Recorded data:
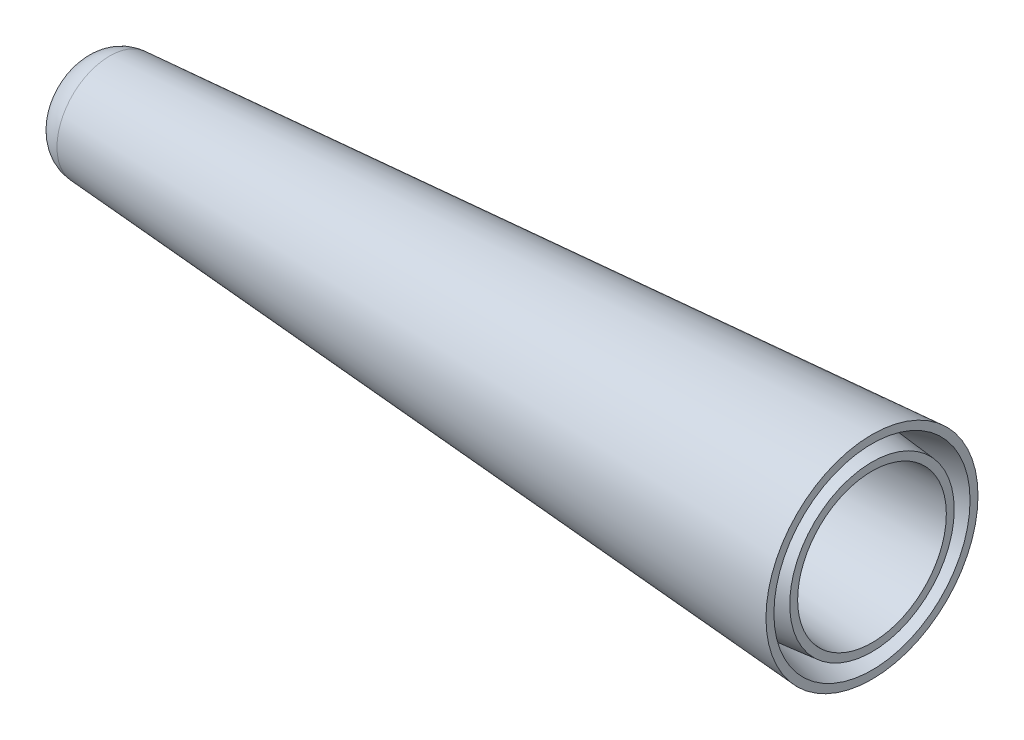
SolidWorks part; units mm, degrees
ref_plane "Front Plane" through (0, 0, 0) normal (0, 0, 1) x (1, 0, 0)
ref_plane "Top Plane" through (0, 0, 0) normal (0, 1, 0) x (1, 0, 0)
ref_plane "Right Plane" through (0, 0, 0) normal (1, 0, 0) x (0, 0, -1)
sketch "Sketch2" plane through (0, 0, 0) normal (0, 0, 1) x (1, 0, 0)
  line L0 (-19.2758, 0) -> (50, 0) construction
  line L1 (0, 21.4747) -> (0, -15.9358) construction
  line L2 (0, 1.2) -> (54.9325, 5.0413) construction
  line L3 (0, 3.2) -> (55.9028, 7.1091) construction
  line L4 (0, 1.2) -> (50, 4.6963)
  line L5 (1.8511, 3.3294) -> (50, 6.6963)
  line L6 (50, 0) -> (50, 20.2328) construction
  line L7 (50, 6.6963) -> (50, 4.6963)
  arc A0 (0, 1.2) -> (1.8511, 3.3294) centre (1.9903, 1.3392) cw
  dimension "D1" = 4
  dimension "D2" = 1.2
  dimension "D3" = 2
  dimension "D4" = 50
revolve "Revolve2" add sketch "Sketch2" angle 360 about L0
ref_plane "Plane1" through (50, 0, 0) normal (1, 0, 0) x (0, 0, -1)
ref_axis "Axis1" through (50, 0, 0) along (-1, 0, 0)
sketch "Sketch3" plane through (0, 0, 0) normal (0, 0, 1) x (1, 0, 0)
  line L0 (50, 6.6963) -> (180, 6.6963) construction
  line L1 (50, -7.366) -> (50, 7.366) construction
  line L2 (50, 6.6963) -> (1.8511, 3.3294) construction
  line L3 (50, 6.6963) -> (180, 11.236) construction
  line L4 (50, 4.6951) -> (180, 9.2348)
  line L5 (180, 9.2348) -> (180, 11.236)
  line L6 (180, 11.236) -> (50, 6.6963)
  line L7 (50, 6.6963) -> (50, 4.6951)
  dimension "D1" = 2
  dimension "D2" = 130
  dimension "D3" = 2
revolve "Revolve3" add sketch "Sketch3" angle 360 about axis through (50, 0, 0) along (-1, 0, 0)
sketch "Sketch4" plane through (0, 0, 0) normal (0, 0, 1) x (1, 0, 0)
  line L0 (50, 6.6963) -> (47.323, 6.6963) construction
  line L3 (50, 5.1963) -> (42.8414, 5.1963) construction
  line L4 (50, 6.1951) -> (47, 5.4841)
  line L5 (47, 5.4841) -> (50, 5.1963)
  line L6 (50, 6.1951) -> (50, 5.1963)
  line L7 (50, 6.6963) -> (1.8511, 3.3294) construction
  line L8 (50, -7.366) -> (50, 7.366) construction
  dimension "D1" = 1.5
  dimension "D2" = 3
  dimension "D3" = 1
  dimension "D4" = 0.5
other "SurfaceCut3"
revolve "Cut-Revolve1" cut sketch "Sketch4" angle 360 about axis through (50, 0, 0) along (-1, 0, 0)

> _Goal of the exercise_: If a record contains a picture, drop the picture and repeat the rest exactly.

> _Solved problem_:
SolidWorks part; units mm, degrees
ref_plane "Front Plane" through (0, 0, 0) normal (0, 0, 1) x (1, 0, 0)
ref_plane "Top Plane" through (0, 0, 0) normal (0, 1, 0) x (1, 0, 0)
ref_plane "Right Plane" through (0, 0, 0) normal (1, 0, 0) x (0, 0, -1)
sketch "Sketch2" plane through (0, 0, 0) normal (0, 0, 1) x (1, 0, 0)
  line L0 (-19.2758, 0) -> (50, 0) construction
  line L1 (0, 21.4747) -> (0, -15.9358) construction
  line L2 (0, 1.2) -> (54.9325, 5.0413) construction
  line L3 (0, 3.2) -> (55.9028, 7.1091) construction
  line L4 (0, 1.2) -> (50, 4.6963)
  line L5 (1.8511, 3.3294) -> (50, 6.6963)
  line L6 (50, 0) -> (50, 20.2328) construction
  line L7 (50, 6.6963) -> (50, 4.6963)
  arc A0 (0, 1.2) -> (1.8511, 3.3294) centre (1.9903, 1.3392) cw
  dimension "D1" = 4
  dimension "D2" = 1.2
  dimension "D3" = 2
  dimension "D4" = 50
revolve "Revolve2" add sketch "Sketch2" angle 360 about L0
ref_plane "Plane1" through (50, 0, 0) normal (1, 0, 0) x (0, 0, -1)
ref_axis "Axis1" through (50, 0, 0) along (-1, 0, 0)
sketch "Sketch3" plane through (0, 0, 0) normal (0, 0, 1) x (1, 0, 0)
  line L0 (50, 6.6963) -> (180, 6.6963) construction
  line L1 (50, -7.366) -> (50, 7.366) construction
  line L2 (50, 6.6963) -> (1.8511, 3.3294) construction
  line L3 (50, 6.6963) -> (180, 11.236) construction
  line L4 (50, 4.6951) -> (180, 9.2348)
  line L5 (180, 9.2348) -> (180, 11.236)
  line L6 (180, 11.236) -> (50, 6.6963)
  line L7 (50, 6.6963) -> (50, 4.6951)
  dimension "D1" = 2
  dimension "D2" = 130
  dimension "D3" = 2
revolve "Revolve3" add sketch "Sketch3" angle 360 about axis through (50, 0, 0) along (-1, 0, 0)
sketch "Sketch4" plane through (0, 0, 0) normal (0, 0, 1) x (1, 0, 0)
  line L0 (50, 6.6963) -> (47.323, 6.6963) construction
  line L3 (50, 5.1963) -> (42.8414, 5.1963) construction
  line L4 (50, 6.1951) -> (47, 5.4841)
  line L5 (47, 5.4841) -> (50, 5.1963)
  line L6 (50, 6.1951) -> (50, 5.1963)
  line L7 (50, 6.6963) -> (1.8511, 3.3294) construction
  line L8 (50, -7.366) -> (50, 7.366) construction
  dimension "D1" = 1.5
  dimension "D2" = 3
  dimension "D3" = 1
  dimension "D4" = 0.5
other "SurfaceCut3"
revolve "Cut-Revolve1" cut sketch "Sketch4" angle 360 about axis through (50, 0, 0) along (-1, 0, 0)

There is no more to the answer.